Вот моя деревня - Галкин Владимир Степанович 2 стр.


Сказала она это "смерти" и рот разинула. Я тоже смотрю. Волосики на голове легонько так подымаются не подымаются, но как бы… струятся, ровно рожь под ветерком.

- Тэ-э-эк, - опять крякнул я. - А Иван? Демон?

- Был два раза, но он же теперь в Венеции, поступил, говорит, в Академию Черной и Белой Магий, на магистра целит. Марк Ляндо тоже был. Веремьев на севере где-то. А еще кто? Вроде никто.

- Вот как сироту забыли, - тихо поскорбел я. - А Мишака, князь Дельский?

- Ну, про него я не говорю, часто забегает, говорит, что на Ваганьково к тебе раз в месяц обязательно.

- Ну, соврать-то он недорого возьмет, а что все-таки не забывает - Богородица его наградит. Он ведь тоже сирота. И хоть иной раз я бы, кажется, ему яйца отрезал, но - люблю, люблю…

Ну, как говорится в старых романах, перейдем в гостиную.

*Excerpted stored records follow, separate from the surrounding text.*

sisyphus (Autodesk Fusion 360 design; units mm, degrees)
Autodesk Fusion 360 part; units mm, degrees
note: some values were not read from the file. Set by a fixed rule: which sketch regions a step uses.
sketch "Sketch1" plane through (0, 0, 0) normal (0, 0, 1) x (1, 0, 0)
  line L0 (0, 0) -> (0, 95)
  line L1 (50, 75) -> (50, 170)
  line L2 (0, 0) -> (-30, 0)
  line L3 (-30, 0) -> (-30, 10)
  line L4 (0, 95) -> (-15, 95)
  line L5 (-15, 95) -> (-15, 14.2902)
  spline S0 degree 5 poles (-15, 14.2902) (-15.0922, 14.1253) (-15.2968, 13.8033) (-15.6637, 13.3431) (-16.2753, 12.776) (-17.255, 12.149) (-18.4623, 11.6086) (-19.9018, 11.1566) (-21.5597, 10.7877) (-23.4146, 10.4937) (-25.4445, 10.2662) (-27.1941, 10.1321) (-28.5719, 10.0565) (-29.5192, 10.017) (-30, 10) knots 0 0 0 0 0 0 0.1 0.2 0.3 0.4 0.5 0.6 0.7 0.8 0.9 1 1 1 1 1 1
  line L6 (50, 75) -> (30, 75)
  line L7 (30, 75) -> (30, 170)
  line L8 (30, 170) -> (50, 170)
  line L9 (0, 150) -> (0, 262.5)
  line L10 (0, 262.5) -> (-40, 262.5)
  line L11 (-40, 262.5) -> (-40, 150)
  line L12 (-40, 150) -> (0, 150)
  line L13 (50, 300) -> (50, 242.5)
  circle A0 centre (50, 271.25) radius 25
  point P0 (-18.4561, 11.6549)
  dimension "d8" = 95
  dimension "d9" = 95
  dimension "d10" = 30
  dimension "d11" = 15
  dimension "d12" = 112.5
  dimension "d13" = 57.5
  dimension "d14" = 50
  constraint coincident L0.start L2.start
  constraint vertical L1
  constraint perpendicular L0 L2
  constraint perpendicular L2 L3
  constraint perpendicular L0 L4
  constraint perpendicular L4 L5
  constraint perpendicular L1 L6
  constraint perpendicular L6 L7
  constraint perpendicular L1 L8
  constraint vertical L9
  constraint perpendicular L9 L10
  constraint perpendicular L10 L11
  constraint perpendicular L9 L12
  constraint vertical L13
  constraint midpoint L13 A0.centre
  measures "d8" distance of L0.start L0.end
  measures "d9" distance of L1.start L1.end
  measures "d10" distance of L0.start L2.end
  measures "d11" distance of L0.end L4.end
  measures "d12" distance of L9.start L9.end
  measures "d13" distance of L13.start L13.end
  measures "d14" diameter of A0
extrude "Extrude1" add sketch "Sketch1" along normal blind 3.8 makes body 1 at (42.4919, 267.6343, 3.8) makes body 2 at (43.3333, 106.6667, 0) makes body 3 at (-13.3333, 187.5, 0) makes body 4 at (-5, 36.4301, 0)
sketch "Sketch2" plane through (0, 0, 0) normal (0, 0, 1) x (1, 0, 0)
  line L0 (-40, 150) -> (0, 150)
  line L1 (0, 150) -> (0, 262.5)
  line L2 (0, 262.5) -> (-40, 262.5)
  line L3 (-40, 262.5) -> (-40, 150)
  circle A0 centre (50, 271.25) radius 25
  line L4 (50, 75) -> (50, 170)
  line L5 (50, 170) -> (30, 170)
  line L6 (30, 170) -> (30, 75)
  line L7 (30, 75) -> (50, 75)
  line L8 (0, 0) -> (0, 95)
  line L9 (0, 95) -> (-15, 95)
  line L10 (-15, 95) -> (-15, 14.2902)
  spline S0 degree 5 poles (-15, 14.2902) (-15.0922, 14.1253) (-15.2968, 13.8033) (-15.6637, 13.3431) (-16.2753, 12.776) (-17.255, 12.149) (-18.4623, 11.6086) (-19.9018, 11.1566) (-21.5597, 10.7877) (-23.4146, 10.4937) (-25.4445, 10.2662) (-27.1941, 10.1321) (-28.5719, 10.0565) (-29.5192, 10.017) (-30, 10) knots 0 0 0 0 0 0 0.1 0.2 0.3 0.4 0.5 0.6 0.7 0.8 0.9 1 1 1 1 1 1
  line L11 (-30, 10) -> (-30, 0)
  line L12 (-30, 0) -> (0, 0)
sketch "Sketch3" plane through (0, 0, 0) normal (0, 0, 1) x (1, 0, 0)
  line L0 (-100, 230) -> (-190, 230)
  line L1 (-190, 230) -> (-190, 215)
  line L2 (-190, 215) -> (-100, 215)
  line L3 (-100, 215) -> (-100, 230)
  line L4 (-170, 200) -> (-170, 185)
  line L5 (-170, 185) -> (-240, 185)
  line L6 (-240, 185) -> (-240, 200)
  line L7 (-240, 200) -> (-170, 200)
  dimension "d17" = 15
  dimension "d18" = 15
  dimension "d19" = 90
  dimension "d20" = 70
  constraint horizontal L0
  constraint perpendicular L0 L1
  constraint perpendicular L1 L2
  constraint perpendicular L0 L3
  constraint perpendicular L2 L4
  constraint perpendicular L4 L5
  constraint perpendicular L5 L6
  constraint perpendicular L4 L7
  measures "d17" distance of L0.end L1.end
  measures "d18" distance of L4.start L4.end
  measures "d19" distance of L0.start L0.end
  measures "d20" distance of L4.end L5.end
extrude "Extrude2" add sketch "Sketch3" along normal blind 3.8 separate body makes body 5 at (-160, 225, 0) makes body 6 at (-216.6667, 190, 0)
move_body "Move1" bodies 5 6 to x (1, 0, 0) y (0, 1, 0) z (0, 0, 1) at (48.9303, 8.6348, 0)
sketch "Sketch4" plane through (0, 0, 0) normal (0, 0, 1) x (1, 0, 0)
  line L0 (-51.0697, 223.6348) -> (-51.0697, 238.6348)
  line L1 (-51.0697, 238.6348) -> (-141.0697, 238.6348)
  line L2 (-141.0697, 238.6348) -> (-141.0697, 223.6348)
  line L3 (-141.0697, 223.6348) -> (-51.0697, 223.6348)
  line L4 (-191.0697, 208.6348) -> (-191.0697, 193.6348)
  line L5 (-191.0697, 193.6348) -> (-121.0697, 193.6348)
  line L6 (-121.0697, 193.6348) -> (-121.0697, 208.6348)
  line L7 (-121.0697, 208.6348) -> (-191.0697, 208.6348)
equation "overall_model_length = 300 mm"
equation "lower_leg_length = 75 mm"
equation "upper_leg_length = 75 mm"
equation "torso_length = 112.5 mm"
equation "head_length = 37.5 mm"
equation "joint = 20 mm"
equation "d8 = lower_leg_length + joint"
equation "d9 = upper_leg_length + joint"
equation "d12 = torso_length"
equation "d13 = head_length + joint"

Да, вот из кухни вторая, но уже двухстворчатая дверь в анфиладу из двух комнат. Тут опять тамбурок и две двери налево и направо. Ну, правая даже не комнатка, а шкатулка, светелка для наших малышей. А что? Богато мы жили, три комнаты с кухней и приставным сортирчиком, когда пол-Москвы в полуподвалах ютилось да с клозетами уличными. Нет, мы хорошо жили… То есть живем. У малышей стоит гардероб под потолок и две кроватки. А светло, а чисто! Вот бы в этой келье безгрешным и закончить земной путь.

У, какая большая гостиная! А пол тоже наклонен, как в сенях. Поклон тебе, моя дорогая. Посреди комнаты два горшка детских. И это хорошо, и так тоже должно быть. Хорошо бы только не с мочой.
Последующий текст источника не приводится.